The constructor returns undef on failure.

Here is example code for calling the constructor:

 use LaTeX::Easy::Template;
 my $latter = LaTeX::Easy::Template->new({
  'processors' => {
    'in-memory' => {
       'latex' => {
    	'filename' => undef # create tmp
       },
       'template' => {
            # the template is in-memory string
    	'content' => '...'
       },
       'output' => {
    	'filename' => 'out.pdf'
       }
    }
    'on-disk' => {
      'latex' => {
    	'filename' => undef, # create tmp
       },
       'template' => {
    	'filepath' => 't/templates/simple01/main.tex.tx'
       },
       'output' => {
    	'filename' => 'out2.pdf'
       }
    }
  }, # end processors
  # log to this file, path will be created if not exists
  'logfile' => 'xyz/abc.log',
  'latex' => {
    'latex-driver-parameters' => {
       # we want PDF output run with xelatex which
       # easily supports multi-language documents
       'format' => 'pdf(xelatex)',
       'paths' => {
          # the path to the xelatex needed only if not standard
          'xelatex' => '/non-standard-path/xyz/xelatex'
       }
    }
  },
  'verbosity' => 1,
  'cleanup' => 0,
});

The above creates a LaTeX::Easy::Templates object which has 2 "processors" one which uses a LaTeX template from disk and one in-memory.
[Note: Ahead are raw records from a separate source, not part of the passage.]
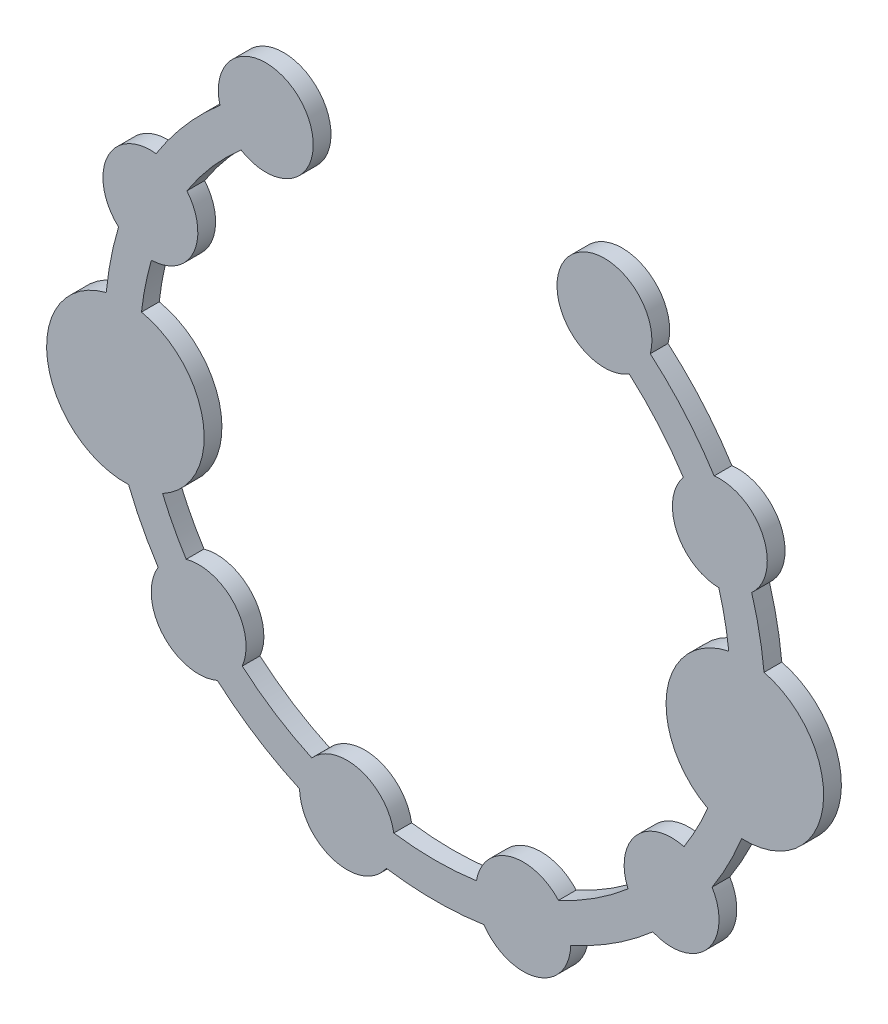
ISO-10303-21;
HEADER;
FILE_DESCRIPTION(('STEP AP214'),'2;1');
FILE_NAME('part.step','',(''),(''),'','','');
FILE_SCHEMA(('AUTOMOTIVE_DESIGN { 1 0 10303 214 1 1 1 1 }'));
ENDSEC;
DATA;
#1=APPLICATION_CONTEXT('core data for automotive mechanical design processes');
#2=APPLICATION_PROTOCOL_DEFINITION('international standard','automotive_design',2000,#1);
#3=PRODUCT_CONTEXT('',#1,'mechanical');
#4=PRODUCT('Part','Part','',(#3));
#5=PRODUCT_RELATED_PRODUCT_CATEGORY('part','',(#4));
#6=PRODUCT_DEFINITION_FORMATION('','',#4);
#7=PRODUCT_DEFINITION_CONTEXT('part definition',#1,'design');
#8=PRODUCT_DEFINITION('design','',#6,#7);
#9=PRODUCT_DEFINITION_SHAPE('','',#8);
#10=(LENGTH_UNIT() NAMED_UNIT(*) SI_UNIT(.MILLI.,.METRE.));
#11=(NAMED_UNIT(*) PLANE_ANGLE_UNIT() SI_UNIT($,.RADIAN.));
#12=(NAMED_UNIT(*) SI_UNIT($,.STERADIAN.) SOLID_ANGLE_UNIT());
#13=UNCERTAINTY_MEASURE_WITH_UNIT(LENGTH_MEASURE(1.E-05),#10,'distance_accuracy_value','');
#14=(GEOMETRIC_REPRESENTATION_CONTEXT(3) GLOBAL_UNCERTAINTY_ASSIGNED_CONTEXT((#13)) GLOBAL_UNIT_ASSIGNED_CONTEXT((#10,
#11,#12)) REPRESENTATION_CONTEXT('',''));
#15=CARTESIAN_POINT('',(0.,0.,0.));
#16=DIRECTION('',(0.,0.,1.));
#17=DIRECTION('',(1.,0.,0.));
#18=AXIS2_PLACEMENT_3D('',#15,#16,#17);
#19=CARTESIAN_POINT('',(0.,0.,0.));
#20=DIRECTION('',(0.,0.,1.));
#21=DIRECTION('',(1.,0.,0.));
#22=AXIS2_PLACEMENT_3D('',#19,#20,#21);
#23=CYLINDRICAL_SURFACE('',#22,33.75);
#24=DIRECTION('',(0.,0.,-1.));
#25=VECTOR('',#24,1.);
#26=CARTESIAN_POINT('',(28.3574490931425,18.3007535618026,1.015));
#27=LINE('',#26,#25);
#28=CARTESIAN_POINT('',(28.3574490931425,18.3007535618026,2.03));
#29=VERTEX_POINT('',#28);
#30=CARTESIAN_POINT('',(28.3574490931425,18.3007535618026,0.));
#31=VERTEX_POINT('',#30);
#32=EDGE_CURVE('E59',#29,#31,#27,.T.);
#33=ORIENTED_EDGE('',*,*,#32,.F.);
#34=CARTESIAN_POINT('',(0.,0.,2.03));
#35=DIRECTION('',(0.,0.,-1.));
#36=DIRECTION('',(-1.,0.,0.));
#37=AXIS2_PLACEMENT_3D('',#34,#35,#36);
#38=CIRCLE('',#37,33.75);
#39=CARTESIAN_POINT('',(22.1760107652679,25.4418365402092,2.03));
#40=VERTEX_POINT('',#39);
#41=EDGE_CURVE('E291',#40,#29,#38,.T.);
#42=ORIENTED_EDGE('',*,*,#41,.F.);
#43=DIRECTION('',(0.,0.,1.));
#44=VECTOR('',#43,1.);
#45=CARTESIAN_POINT('',(22.1760107652679,25.4418365402092,0.));
#46=LINE('',#45,#44);
#47=CARTESIAN_POINT('',(22.1760107652679,25.4418365402092,0.));
#48=VERTEX_POINT('',#47);
#49=EDGE_CURVE('E274',#48,#40,#46,.T.);
#50=ORIENTED_EDGE('',*,*,#49,.F.);
#51=CARTESIAN_POINT('',(0.,0.,0.));
#52=DIRECTION('',(0.,0.,-1.));
#53=DIRECTION('',(-1.,0.,0.));
#54=AXIS2_PLACEMENT_3D('',#51,#52,#53);
#55=CIRCLE('',#54,33.75);
#56=EDGE_CURVE('E283',#48,#31,#55,.T.);
#57=ORIENTED_EDGE('',*,*,#56,.T.);
#58=EDGE_LOOP('',(#33,#42,#50,#57));
#59=FACE_BOUND('',#58,.T.);
#60=ADVANCED_FACE('F36',(#59),#23,.F.);
#61=CARTESIAN_POINT('',(0.,0.,0.));
#62=DIRECTION('',(0.,0.,1.));
#63=DIRECTION('',(1.,0.,0.));
#64=AXIS2_PLACEMENT_3D('',#61,#62,#63);
#65=CYLINDRICAL_SURFACE('',#64,37.75);
#66=DIRECTION('',(0.,0.,-1.));
#67=VECTOR('',#66,1.);
#68=CARTESIAN_POINT('',(31.8794195866251,20.2179402219885,1.015));
#69=LINE('',#68,#67);
#70=CARTESIAN_POINT('',(31.8794195866251,20.2179402219885,0.));
#71=VERTEX_POINT('',#70);
#72=CARTESIAN_POINT('',(31.8794195866251,20.2179402219885,2.03));
#73=VERTEX_POINT('',#72);
#74=EDGE_CURVE('E514',#71,#73,#69,.F.);
#75=ORIENTED_EDGE('',*,*,#74,.F.);
#76=CARTESIAN_POINT('',(0.,0.,0.));
#77=DIRECTION('',(0.,0.,1.));
#78=DIRECTION('',(-1.,0.,0.));
#79=AXIS2_PLACEMENT_3D('',#76,#77,#78);
#80=CIRCLE('',#79,37.75);
#81=CARTESIAN_POINT('',(24.5781736222649,28.6526766881177,0.));
#82=VERTEX_POINT('',#81);
#83=EDGE_CURVE('E287',#71,#82,#80,.T.);
#84=ORIENTED_EDGE('',*,*,#83,.T.);
#85=DIRECTION('',(0.,0.,1.));
#86=VECTOR('',#85,1.);
#87=CARTESIAN_POINT('',(24.5781736222649,28.6526766881177,0.));
#88=LINE('',#87,#86);
#89=CARTESIAN_POINT('',(24.5781736222649,28.6526766881177,2.03));
#90=VERTEX_POINT('',#89);
#91=EDGE_CURVE('E277',#82,#90,#88,.T.);
#92=ORIENTED_EDGE('',*,*,#91,.T.);
#93=CARTESIAN_POINT('',(0.,0.,2.03));
#94=DIRECTION('',(0.,0.,1.));
#95=DIRECTION('',(-1.,0.,0.));
#96=AXIS2_PLACEMENT_3D('',#93,#94,#95);
#97=CIRCLE('',#96,37.75);
#98=EDGE_CURVE('E361',#73,#90,#97,.T.);
#99=ORIENTED_EDGE('',*,*,#98,.F.);
#100=EDGE_LOOP('',(#75,#84,#92,#99));
#101=FACE_BOUND('',#100,.T.);
#102=ADVANCED_FACE('F512',(#101),#65,.T.);
#103=DIRECTION('',(0.,0.,-1.));
#104=VECTOR('',#103,1.);
#105=CARTESIAN_POINT('',(28.4316785886476,-18.1852179704241,1.015));
#106=LINE('',#105,#104);
#107=CARTESIAN_POINT('',(28.4316785886476,-18.1852179704241,2.03));
#108=VERTEX_POINT('',#107);
#109=CARTESIAN_POINT('',(28.4316785886476,-18.1852179704241,0.));
#110=VERTEX_POINT('',#109);
#111=EDGE_CURVE('E469',#108,#110,#106,.T.);
#112=ORIENTED_EDGE('',*,*,#111,.F.);
#113=CARTESIAN_POINT('',(31.1327234183603,-13.0313480713195,2.03));
#114=VERTEX_POINT('',#113);
#115=EDGE_CURVE('E448',#114,#108,#38,.T.);
#116=ORIENTED_EDGE('',*,*,#115,.F.);
#117=DIRECTION('',(0.,0.,-1.));
#118=VECTOR('',#117,1.);
#119=CARTESIAN_POINT('',(31.1327234183603,-13.0313480713195,1.015));
#120=LINE('',#119,#118);
#121=CARTESIAN_POINT('',(31.1327234183603,-13.0313480713195,0.));
#122=VERTEX_POINT('',#121);
#123=EDGE_CURVE('E421',#122,#114,#120,.F.);
#124=ORIENTED_EDGE('',*,*,#123,.F.);
#125=EDGE_CURVE('E454',#122,#110,#55,.T.);
#126=ORIENTED_EDGE('',*,*,#125,.T.);
#127=EDGE_LOOP('',(#112,#116,#124,#126));
#128=FACE_BOUND('',#127,.T.);
#129=ADVANCED_FACE('F541',(#128),#23,.F.);
#130=DIRECTION('',(0.,0.,-1.));
#131=VECTOR('',#130,1.);
#132=CARTESIAN_POINT('',(31.6393033547216,-20.5916726670736,1.015));
#133=LINE('',#132,#131);
#134=CARTESIAN_POINT('',(31.6393033547216,-20.5916726670736,0.));
#135=VERTEX_POINT('',#134);
#136=CARTESIAN_POINT('',(31.6393033547216,-20.5916726670736,2.03));
#137=VERTEX_POINT('',#136);
#138=EDGE_CURVE('E507',#135,#137,#133,.F.);
#139=ORIENTED_EDGE('',*,*,#138,.F.);
#140=CARTESIAN_POINT('',(35.0212489647341,-14.0916507531982,0.));
#141=VERTEX_POINT('',#140);
#142=EDGE_CURVE('E506',#135,#141,#80,.T.);
#143=ORIENTED_EDGE('',*,*,#142,.T.);
#144=DIRECTION('',(0.,0.,-1.));
#145=VECTOR('',#144,1.);
#146=CARTESIAN_POINT('',(35.0212489647341,-14.0916507531982,1.015));
#147=LINE('',#146,#145);
#148=CARTESIAN_POINT('',(35.0212489647341,-14.0916507531982,2.03));
#149=VERTEX_POINT('',#148);
#150=EDGE_CURVE('E476',#149,#141,#147,.T.);
#151=ORIENTED_EDGE('',*,*,#150,.F.);
#152=EDGE_CURVE('E497',#137,#149,#97,.T.);
#153=ORIENTED_EDGE('',*,*,#152,.F.);
#154=EDGE_LOOP('',(#139,#143,#151,#153));
#155=FACE_BOUND('',#154,.T.);
#156=ADVANCED_FACE('F505',(#155),#65,.T.);
#157=DIRECTION('',(0.,0.,-1.));
#158=VECTOR('',#157,1.);
#159=CARTESIAN_POINT('',(32.4093475244958,9.41789217587783,1.015));
#160=LINE('',#159,#158);
#161=CARTESIAN_POINT('',(32.4093475244958,9.41789217587783,0.));
#162=VERTEX_POINT('',#161);
#163=CARTESIAN_POINT('',(32.4093475244958,9.41789217587785,2.03));
#164=VERTEX_POINT('',#163);
#165=EDGE_CURVE('E458',#162,#164,#160,.F.);
#166=ORIENTED_EDGE('',*,*,#165,.F.);
#167=CARTESIAN_POINT('',(33.5453464398064,3.71109582648645,0.));
#168=VERTEX_POINT('',#167);
#169=EDGE_CURVE('E288',#162,#168,#55,.T.);
#170=ORIENTED_EDGE('',*,*,#169,.T.);
#171=DIRECTION('',(0.,0.,-1.));
#172=VECTOR('',#171,1.);
#173=CARTESIAN_POINT('',(33.5453464398064,3.71109582648646,1.015));
#174=LINE('',#173,#172);
#175=CARTESIAN_POINT('',(33.5453464398064,3.71109582648645,2.03));
#176=VERTEX_POINT('',#175);
#177=EDGE_CURVE('E417',#176,#168,#174,.T.);
#178=ORIENTED_EDGE('',*,*,#177,.F.);
#179=EDGE_CURVE('E51',#164,#176,#38,.T.);
#180=ORIENTED_EDGE('',*,*,#179,.F.);
#181=EDGE_LOOP('',(#166,#170,#178,#180));
#182=FACE_BOUND('',#181,.T.);
#183=ADVANCED_FACE('F456',(#182),#23,.F.);
#184=DIRECTION('',(0.,0.,-1.));
#185=VECTOR('',#184,1.);
#186=CARTESIAN_POINT('',(36.1659087125497,10.8207923460126,1.015));
#187=LINE('',#186,#185);
#188=CARTESIAN_POINT('',(36.1659087125496,10.8207923460126,2.03));
#189=VERTEX_POINT('',#188);
#190=CARTESIAN_POINT('',(36.1659087125496,10.8207923460126,0.));
#191=VERTEX_POINT('',#190);
#192=EDGE_CURVE('E526',#189,#191,#187,.T.);
#193=ORIENTED_EDGE('',*,*,#192,.F.);
#194=CARTESIAN_POINT('',(37.5750307406949,3.63036703872107,2.03));
#195=VERTEX_POINT('',#194);
#196=EDGE_CURVE('E494',#195,#189,#97,.T.);
#197=ORIENTED_EDGE('',*,*,#196,.F.);
#198=DIRECTION('',(0.,0.,-1.));
#199=VECTOR('',#198,1.);
#200=CARTESIAN_POINT('',(37.5750307406949,3.63036703872105,1.015));
#201=LINE('',#200,#199);
#202=CARTESIAN_POINT('',(37.5750307406949,3.63036703872105,0.));
#203=VERTEX_POINT('',#202);
#204=EDGE_CURVE('E479',#203,#195,#201,.F.);
#205=ORIENTED_EDGE('',*,*,#204,.F.);
#206=EDGE_CURVE('E509',#203,#191,#80,.T.);
#207=ORIENTED_EDGE('',*,*,#206,.T.);
#208=EDGE_LOOP('',(#193,#197,#205,#207));
#209=FACE_BOUND('',#208,.T.);
#210=ADVANCED_FACE('F593',(#209),#65,.T.);
#211=DIRECTION('',(0.,0.,-1.));
#212=VECTOR('',#211,1.);
#213=CARTESIAN_POINT('',(22.0366357753982,-25.5626521257564,1.015));
#214=LINE('',#213,#212);
#215=CARTESIAN_POINT('',(22.0366357753982,-25.5626521257564,0.));
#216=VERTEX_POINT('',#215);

Default LaTeX::Driver parameters are specified as well and will be used for these processors which do not specify any.

untemplate()

It creates a LaTeX source file from a template. This is the first step in rendering the final typeset document. which is done by "format()".

Note that calling this method is not necessary if you intend to call "format()" next. The latter will call the former if needed.

The full list of arguments is as follows:

  • processor : specify the name of the "processor" to use. The "processor" must be a key to the processors parameter passed to the constructor.

  • template-data : specify the data for the template's variables as a hash or array ref, depending on the structure of the template in use. This data is passed on to the template using the key data. So if your template data is this:

    {
      name => 'aa',
    }

    Then your template will access name's value via <: $data.name : >

    See "TEMPLATE PROCESSING" for more on the syntax of the template files.

  • latex, template : optionally, overwrite "processor"'s latex, template fields by specifying any of these fields here in exactly the same format as that of the processors parameter passed to the constructor ("new()").

RETURN

On failure, "untemplate()" returns back undef.

On success, it returns back a hash(ref) with two entries:

  • latex : contains fileapth, filename and basedir of the produced LaTeX source file.

  • template : it contains fileapth, filename, basedir and content. The last one will be undefined if the template used if the template was a file read from disk. The first three will be undefined otherwise.

format()

It renders the final typeset document. It will call "untemplate()" if is required to produce the intermediate LaTeX source file. If that file was specified, then it will render the final document by calling LaTeX::Driver.

The full list of arguments, provided by a hashref, is as follows:

  • processor : specify the name of the "processor" to use. The "processor" must be a key to the processors parameter passed to the constructor.

  • template-data : specify the data for the template's variables as a hash or array ref, depending on the structure of the template in use. This data is only needed if the intermediate LaTeX source file needs to be produced.

  • latex, template, output : optionally, overwrite "processor"'s latex, template, output fields by specifying any of these fields here in exactly the same format as that of the processors parameter passed to the constructor ("new()").

RETURN

On failure, "format()" returns back undef.

On success, it returns back a hash(ref) with three entries:

  • latex : contains fileapth, filename and basedir of the produced LaTeX source file.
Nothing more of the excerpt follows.